Texte intégral
Q - Les élections présidentielles récentes ont montré un décalage entre la conquête du pouvoir et son exercice. Comment vous prémunissez-vous contre ce danger ?
R - Vous voulez dire que les dirigeants, une fois élus, n'ont pas tenu leurs promesses... C'est un risque que je ne courrai pas: je refuse les promesses démagogiques. Et je suis pour la cohérence de la pensée et de l'action. Aucun des engagements que je prends, aucune des orientations que je choisis n'est accidentel. Deux logiques président à tous mes choix: nous devons réformer notre démocratie malade; nous devons garder un modèle républicain dans la mondialisation. Pour cela, il faut dire la vérité, par exemple sur la dette et le déficit.
Q - Pourquoi seriez-vous plus crédible que les autres, alors que vous laissez entendre qu'en changeant le système on va tout changer ?

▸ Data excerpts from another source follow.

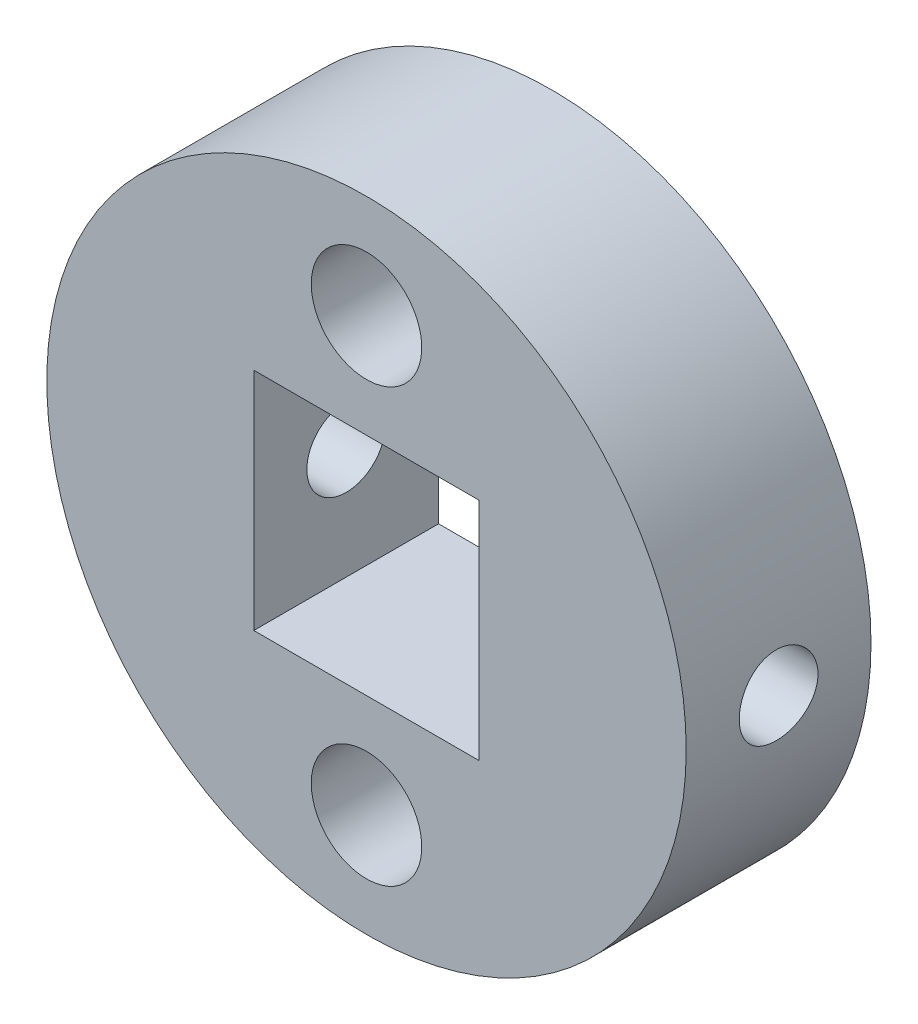
from build123d import *

# Parameters (mm, degrees)
SKETCH1_R                           = 10.9855
SKETCH1_W                           = 7.747
SKETCH1_H                           = 7.747
BOSS_EXTRUDE1_DEPTH                 = 6.35
F_6_32_TAPPED_HOLE1_D               = 2.7051
F_6_32_TAPPED_HOLE1_DEPTH           = 7.112
F_6_32_TAPPED_HOLE1_ON_FACE_2_D     = 2.7051
F_6_32_TAPPED_HOLE1_ON_FACE_2_DEPTH = 7.112
F_6_32_TAPPED_HOLE2_D               = 2.7051
F_6_CLEARANCE_HOLE1_D               = 3.7973


with BuildPart() as part:
    # Sketch1 → Boss-Extrude1 (new body)
    with BuildSketch(Plane.XY):
        Circle(SKETCH1_R)
        Rectangle(SKETCH1_W, SKETCH1_H, mode=Mode.SUBTRACT)
    extrude(amount=BOSS_EXTRUDE1_DEPTH)

    # #6-32 Tapped Hole1
    with Locations(Plane(origin=(10.9855, 0, 3.175), x_dir=(0, 0, 1), z_dir=(1, 0, 0))):
        with Locations((0, 0)):
            Hole(F_6_32_TAPPED_HOLE1_D / 2, depth=F_6_32_TAPPED_HOLE1_DEPTH)

    # #6-32 Tapped Hole1 on face 2
    with Locations(Plane(origin=(3.8735, 0, 3.175), x_dir=(0, 0, -1), z_dir=(-1, 0, 0))):
        with Locations((0, 0)):
            Hole(F_6_32_TAPPED_HOLE1_ON_FACE_2_D / 2, depth=F_6_32_TAPPED_HOLE1_ON_FACE_2_DEPTH)

    # #6-32 Tapped Hole2 (through all)
    with Locations(Plane(origin=(-3.8735, 0, 0), x_dir=(0, 0, -1), z_dir=(1, 0, 0))):
        with Locations((-3.175, 0)):
            Hole(F_6_32_TAPPED_HOLE2_D / 2)

    # #6 Clearance Hole1 (through all)
    with Locations(Plane(origin=(0, 0, 0), x_dir=(-1, 0, 0), z_dir=(0, 0, -1))):
        with Locations((0, -7.4295), (0, 7.4295)):
            Hole(F_6_CLEARANCE_HOLE1_D / 2)


solid = part.part

R - Ce que je dis depuis longtemps apparaissait comme utopique. Mais nous avons désormais sous les yeux l'exemple de l'Allemagne, où les électeurs ont obligé les deux camps à sortir de leur affrontement stérile. Pour accepter des réformes, les peuples ont besoin qu'on leur garantisse qu'elles sont non pas partisanes mais équitables.
Q - Jusqu'où résisterez-vous à la tentation de la dépense ?
R - Je refuse les promesses démagogiques. Je ne suis pas dépensier et je suis entouré de gens dont la marque de fabrique est la rigueur. Quand j'annoncerai des dépenses, ces dépenses seront maîtrisées et des économies seront faites en contrepartie. Dans les banlieues, par exemple, la question n'est pas de dépenser toujours plus sans contrôle, elle est de retrouver l'Etat dans les quartiers, qu'il s'agisse de sécurité ou de services publics. Aujourd'hui, l'Etat est totalement absent de la France qui va mal. Mais il est hyperprésent dans la France qui va bien. Je propose d'inverser ce processus.
Q - Vous citez deux qualités qui vous rendraient susceptible de mieux présider que les autres. «Je ne me résigne jamais», dites-vous. Avez-vous le monopole de la volonté ?
R - Non, bien sûr. Mais, pour une certaine idée de la République, j'ai refusé les honneurs, le pouvoir d'apparat, les ministères. J'ai accepté les difficultés de la traversée du désert, avec une poignée d'élus solides, pour défendre une idée juste. Cela, je crois, m'a rapproché des gens et a débarrassé mon regard des impatiences et de la condescendance du pouvoir.
Q - "Je sais mieux rassembler", dites-vous. Beaucoup, y compris à l'UDF, regrettent votre esprit clanique. Pourquoi sauriez-vous mieux rassembler que les autres ?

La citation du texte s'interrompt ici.